# Defeated by a hill?.



## tuk-tuk (Jul 8, 2009)

Hi all, 
I know you have a lot of different views on the 1.9 td engine BUT....what is/was your worst nightmare / most embarassing moment with this motor. Has anybody actually failed to negotiate a hill. I ask because I am still tempted to get a Dethleffs Globetrotter with the 1.9 td motor. (Mainly sensible replies please). Thanks tuk-tuk...that's not my real name :violent1:


----------



## wobby (May 1, 2005)

And I thought it was :roll: 

Wobby


----------



## chapter (May 1, 2005)

i drove mine up porlock hill somerset see here
chapter


----------



## gaspode (May 9, 2005)

We've taken a 1.9 over the Alps some time ago. Not quick it has to be said - but we got there. :lol: :lol: :lol:


----------



## pneumatician (May 1, 2005)

*1.9 TD*

I doubt if you would under normal circumstances encounter a hill you could not climb. We "did" the Alps about three times in our Polensa.
Exceeding slow but no hint of failure. Its just that every hairpin is first gear, maximum speed is about 5mph and by the time you get into second its back to first for the next bend.
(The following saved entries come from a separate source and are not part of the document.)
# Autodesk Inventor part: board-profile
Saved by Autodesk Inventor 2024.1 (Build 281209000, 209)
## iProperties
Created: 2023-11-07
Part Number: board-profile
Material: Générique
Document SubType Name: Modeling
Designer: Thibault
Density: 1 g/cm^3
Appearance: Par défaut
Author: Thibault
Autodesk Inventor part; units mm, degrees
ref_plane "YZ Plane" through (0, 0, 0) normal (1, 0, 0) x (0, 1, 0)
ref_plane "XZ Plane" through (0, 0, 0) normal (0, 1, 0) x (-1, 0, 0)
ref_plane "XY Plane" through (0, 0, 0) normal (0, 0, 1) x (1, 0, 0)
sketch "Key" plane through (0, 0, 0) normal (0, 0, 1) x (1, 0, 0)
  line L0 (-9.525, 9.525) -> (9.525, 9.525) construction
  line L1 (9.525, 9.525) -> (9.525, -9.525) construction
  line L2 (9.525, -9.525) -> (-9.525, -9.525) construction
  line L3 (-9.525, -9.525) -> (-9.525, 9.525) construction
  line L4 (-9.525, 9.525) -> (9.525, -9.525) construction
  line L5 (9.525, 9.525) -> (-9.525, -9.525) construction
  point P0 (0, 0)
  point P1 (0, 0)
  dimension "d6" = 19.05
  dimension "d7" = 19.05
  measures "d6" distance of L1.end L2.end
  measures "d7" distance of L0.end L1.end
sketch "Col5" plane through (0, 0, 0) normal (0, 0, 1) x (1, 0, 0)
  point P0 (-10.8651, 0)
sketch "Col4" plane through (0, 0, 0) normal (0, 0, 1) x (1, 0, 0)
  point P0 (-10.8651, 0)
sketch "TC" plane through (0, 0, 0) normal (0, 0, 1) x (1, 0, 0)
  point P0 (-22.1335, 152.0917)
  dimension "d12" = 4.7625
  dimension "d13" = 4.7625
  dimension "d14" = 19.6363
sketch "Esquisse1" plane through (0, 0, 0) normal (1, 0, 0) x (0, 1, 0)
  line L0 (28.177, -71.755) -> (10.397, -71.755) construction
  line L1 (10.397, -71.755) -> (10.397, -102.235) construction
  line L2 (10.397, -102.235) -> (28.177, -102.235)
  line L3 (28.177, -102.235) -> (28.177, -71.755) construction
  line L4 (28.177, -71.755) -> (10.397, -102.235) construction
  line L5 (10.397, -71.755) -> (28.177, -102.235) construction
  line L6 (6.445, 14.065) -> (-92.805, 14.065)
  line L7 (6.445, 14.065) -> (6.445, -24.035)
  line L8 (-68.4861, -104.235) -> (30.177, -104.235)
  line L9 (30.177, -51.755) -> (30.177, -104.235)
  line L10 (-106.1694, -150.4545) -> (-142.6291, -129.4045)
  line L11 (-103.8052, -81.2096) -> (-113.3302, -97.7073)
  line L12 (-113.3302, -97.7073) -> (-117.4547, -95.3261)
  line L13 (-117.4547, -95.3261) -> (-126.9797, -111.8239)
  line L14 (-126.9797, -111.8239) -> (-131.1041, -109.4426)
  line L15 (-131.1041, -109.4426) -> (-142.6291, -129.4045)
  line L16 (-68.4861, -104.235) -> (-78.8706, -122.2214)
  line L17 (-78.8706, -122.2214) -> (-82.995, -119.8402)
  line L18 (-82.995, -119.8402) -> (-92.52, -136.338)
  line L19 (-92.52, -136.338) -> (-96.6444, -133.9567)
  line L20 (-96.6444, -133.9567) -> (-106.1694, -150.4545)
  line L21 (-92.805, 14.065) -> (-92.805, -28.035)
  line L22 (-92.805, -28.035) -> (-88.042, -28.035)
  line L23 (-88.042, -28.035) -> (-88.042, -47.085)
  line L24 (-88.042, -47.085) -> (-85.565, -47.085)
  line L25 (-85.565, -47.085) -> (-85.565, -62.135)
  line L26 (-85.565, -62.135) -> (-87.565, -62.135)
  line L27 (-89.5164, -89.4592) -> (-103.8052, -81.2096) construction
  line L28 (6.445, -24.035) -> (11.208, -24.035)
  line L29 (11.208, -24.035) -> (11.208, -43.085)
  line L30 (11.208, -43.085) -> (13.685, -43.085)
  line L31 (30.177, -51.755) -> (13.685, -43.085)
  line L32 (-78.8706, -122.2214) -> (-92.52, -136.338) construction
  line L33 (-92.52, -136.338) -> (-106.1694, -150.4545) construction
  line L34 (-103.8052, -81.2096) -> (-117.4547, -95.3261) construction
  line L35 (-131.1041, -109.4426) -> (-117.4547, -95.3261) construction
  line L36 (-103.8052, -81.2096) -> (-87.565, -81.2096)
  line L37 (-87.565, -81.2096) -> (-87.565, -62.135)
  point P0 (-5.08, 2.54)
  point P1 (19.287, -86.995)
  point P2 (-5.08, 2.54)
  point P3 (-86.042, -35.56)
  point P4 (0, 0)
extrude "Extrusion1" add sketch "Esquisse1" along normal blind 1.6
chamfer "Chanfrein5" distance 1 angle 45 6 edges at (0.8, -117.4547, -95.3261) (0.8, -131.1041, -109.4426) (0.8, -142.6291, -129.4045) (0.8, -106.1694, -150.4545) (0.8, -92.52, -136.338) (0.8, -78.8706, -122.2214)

Hard work and I found embarrasing.

Steve


----------



## EJB (Aug 25, 2007)

Many years ago we regularly towed a largish caravan over and around all the Alpine passes. The towing car was a petrol 70ishBHP with never a problem.
My 100BHP diesel MH should, and does, go anywhere :wink:


----------



## steco1958 (Mar 5, 2009)

chapter said:


> i drove mine up porlock hill somerset see here
> chapter


If it can get up porlock, it will go up most hills, and lets be honest, how often do you encounter hills of that nature !!


----------